→ MATERIAL SHOWN:
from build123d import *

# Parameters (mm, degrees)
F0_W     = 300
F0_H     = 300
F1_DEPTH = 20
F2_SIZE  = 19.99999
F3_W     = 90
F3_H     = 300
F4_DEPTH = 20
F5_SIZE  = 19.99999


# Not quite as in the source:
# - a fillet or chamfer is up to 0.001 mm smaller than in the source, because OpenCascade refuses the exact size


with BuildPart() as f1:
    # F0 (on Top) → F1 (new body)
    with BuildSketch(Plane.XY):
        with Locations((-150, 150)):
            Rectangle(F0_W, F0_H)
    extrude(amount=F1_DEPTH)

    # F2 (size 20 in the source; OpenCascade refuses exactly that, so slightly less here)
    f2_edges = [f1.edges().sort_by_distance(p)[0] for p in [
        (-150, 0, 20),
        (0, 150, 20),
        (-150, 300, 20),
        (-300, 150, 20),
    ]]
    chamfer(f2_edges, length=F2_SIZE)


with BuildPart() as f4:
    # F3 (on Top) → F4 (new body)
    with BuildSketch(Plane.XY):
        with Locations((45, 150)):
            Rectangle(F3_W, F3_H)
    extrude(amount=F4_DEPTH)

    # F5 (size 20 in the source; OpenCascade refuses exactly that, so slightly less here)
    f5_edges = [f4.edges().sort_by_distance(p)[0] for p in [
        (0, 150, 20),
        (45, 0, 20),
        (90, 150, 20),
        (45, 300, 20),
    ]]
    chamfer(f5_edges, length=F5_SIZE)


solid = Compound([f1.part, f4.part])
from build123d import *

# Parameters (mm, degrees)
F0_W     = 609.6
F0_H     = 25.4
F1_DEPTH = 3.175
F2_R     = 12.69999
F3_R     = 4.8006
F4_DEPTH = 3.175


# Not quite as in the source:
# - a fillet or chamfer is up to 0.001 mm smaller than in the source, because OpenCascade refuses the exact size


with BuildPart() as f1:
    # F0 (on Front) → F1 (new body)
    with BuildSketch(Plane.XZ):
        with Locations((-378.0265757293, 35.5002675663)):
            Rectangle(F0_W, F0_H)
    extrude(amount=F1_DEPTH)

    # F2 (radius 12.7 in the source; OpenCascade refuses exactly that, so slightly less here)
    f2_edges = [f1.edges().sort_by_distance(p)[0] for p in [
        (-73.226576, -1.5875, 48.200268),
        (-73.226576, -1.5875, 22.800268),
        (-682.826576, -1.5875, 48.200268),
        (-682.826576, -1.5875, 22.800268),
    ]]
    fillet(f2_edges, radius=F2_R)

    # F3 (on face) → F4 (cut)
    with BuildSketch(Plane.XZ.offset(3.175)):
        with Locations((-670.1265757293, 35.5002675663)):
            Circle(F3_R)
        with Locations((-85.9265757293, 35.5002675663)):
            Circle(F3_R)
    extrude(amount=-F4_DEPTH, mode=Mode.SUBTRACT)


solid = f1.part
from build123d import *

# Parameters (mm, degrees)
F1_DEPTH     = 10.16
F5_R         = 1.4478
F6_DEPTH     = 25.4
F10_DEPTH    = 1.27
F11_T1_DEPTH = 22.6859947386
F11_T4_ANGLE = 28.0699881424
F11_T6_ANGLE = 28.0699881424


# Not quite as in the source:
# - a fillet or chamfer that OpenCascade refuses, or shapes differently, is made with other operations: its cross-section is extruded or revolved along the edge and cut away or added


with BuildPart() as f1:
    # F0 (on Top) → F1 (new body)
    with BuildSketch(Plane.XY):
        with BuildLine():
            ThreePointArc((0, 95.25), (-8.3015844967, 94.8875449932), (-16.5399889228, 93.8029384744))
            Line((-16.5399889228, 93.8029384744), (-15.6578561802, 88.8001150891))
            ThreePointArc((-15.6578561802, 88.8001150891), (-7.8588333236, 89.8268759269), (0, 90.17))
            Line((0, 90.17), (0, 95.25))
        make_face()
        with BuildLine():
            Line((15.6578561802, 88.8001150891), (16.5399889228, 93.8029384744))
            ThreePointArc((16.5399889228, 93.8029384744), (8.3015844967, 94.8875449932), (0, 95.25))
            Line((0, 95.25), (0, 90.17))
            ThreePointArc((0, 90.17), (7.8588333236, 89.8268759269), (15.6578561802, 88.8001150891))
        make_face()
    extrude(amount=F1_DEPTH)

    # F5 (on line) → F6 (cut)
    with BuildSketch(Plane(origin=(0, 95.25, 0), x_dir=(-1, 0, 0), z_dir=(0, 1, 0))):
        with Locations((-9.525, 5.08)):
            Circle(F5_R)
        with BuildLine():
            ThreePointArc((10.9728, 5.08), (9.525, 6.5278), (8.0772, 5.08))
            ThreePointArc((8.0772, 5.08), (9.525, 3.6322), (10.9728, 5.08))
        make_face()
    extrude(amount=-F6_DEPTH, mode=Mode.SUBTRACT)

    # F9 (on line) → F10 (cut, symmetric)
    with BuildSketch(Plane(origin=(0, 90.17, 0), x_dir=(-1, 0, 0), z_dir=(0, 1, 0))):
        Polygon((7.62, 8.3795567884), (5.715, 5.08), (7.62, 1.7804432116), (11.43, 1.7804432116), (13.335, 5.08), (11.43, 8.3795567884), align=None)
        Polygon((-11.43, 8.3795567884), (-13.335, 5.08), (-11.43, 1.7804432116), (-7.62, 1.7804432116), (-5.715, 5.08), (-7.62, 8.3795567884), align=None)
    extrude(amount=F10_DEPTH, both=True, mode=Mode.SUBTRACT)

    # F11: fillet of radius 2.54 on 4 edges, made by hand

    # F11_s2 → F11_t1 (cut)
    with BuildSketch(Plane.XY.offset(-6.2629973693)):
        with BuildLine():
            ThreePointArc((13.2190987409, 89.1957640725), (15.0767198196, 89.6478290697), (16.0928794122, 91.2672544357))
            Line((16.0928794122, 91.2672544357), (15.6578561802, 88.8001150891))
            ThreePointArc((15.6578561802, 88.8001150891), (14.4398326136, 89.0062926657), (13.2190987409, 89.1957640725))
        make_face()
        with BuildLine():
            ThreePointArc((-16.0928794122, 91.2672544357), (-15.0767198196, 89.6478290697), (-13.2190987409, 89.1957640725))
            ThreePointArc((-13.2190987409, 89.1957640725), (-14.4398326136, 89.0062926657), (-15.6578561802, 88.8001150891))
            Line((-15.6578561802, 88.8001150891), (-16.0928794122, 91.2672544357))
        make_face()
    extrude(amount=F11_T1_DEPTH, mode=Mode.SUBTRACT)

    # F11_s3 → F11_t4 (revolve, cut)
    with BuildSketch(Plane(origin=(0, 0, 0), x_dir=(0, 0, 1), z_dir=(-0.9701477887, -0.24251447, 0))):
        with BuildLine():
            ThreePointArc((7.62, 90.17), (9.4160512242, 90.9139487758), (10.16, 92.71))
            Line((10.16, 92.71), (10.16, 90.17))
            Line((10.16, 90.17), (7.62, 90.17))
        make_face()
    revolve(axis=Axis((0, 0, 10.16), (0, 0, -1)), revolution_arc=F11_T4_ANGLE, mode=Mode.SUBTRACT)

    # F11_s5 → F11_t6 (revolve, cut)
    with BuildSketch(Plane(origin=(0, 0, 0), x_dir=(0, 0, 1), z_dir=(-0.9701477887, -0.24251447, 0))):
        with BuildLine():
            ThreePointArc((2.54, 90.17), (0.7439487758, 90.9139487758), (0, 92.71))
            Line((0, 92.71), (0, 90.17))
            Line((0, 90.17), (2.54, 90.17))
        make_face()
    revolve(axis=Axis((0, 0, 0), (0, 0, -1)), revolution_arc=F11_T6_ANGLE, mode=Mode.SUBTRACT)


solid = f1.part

→ TASK REQUIREMENTS:
Across the whole listing, show each line where the word "ThreePointArc" occurs.

→ YOUR SOLUTION:
            ThreePointArc((0, 95.25), (-8.3015844967, 94.8875449932), (-16.5399889228, 93.8029384744))
            ThreePointArc((-15.6578561802, 88.8001150891), (-7.8588333236, 89.8268759269), (0, 90.17))
            ThreePointArc((16.5399889228, 93.8029384744), (8.3015844967, 94.8875449932), (0, 95.25))
            ThreePointArc((0, 90.17), (7.8588333236, 89.8268759269), (15.6578561802, 88.8001150891))
            ThreePointArc((10.9728, 5.08), (9.525, 6.5278), (8.0772, 5.08))
            ThreePointArc((8.0772, 5.08), (9.525, 3.6322), (10.9728, 5.08))
            ThreePointArc((13.2190987409, 89.1957640725), (15.0767198196, 89.6478290697), (16.0928794122, 91.2672544357))
            ThreePointArc((15.6578561802, 88.8001150891), (14.4398326136, 89.0062926657), (13.2190987409, 89.1957640725))
            ThreePointArc((-16.0928794122, 91.2672544357), (-15.0767198196, 89.6478290697), (-13.2190987409, 89.1957640725))
            ThreePointArc((-13.2190987409, 89.1957640725), (-14.4398326136, 89.0062926657), (-15.6578561802, 88.8001150891))
            ThreePointArc((7.62, 90.17), (9.4160512242, 90.9139487758), (10.16, 92.71))
            ThreePointArc((2.54, 90.17), (0.7439487758, 90.9139487758), (0, 92.71))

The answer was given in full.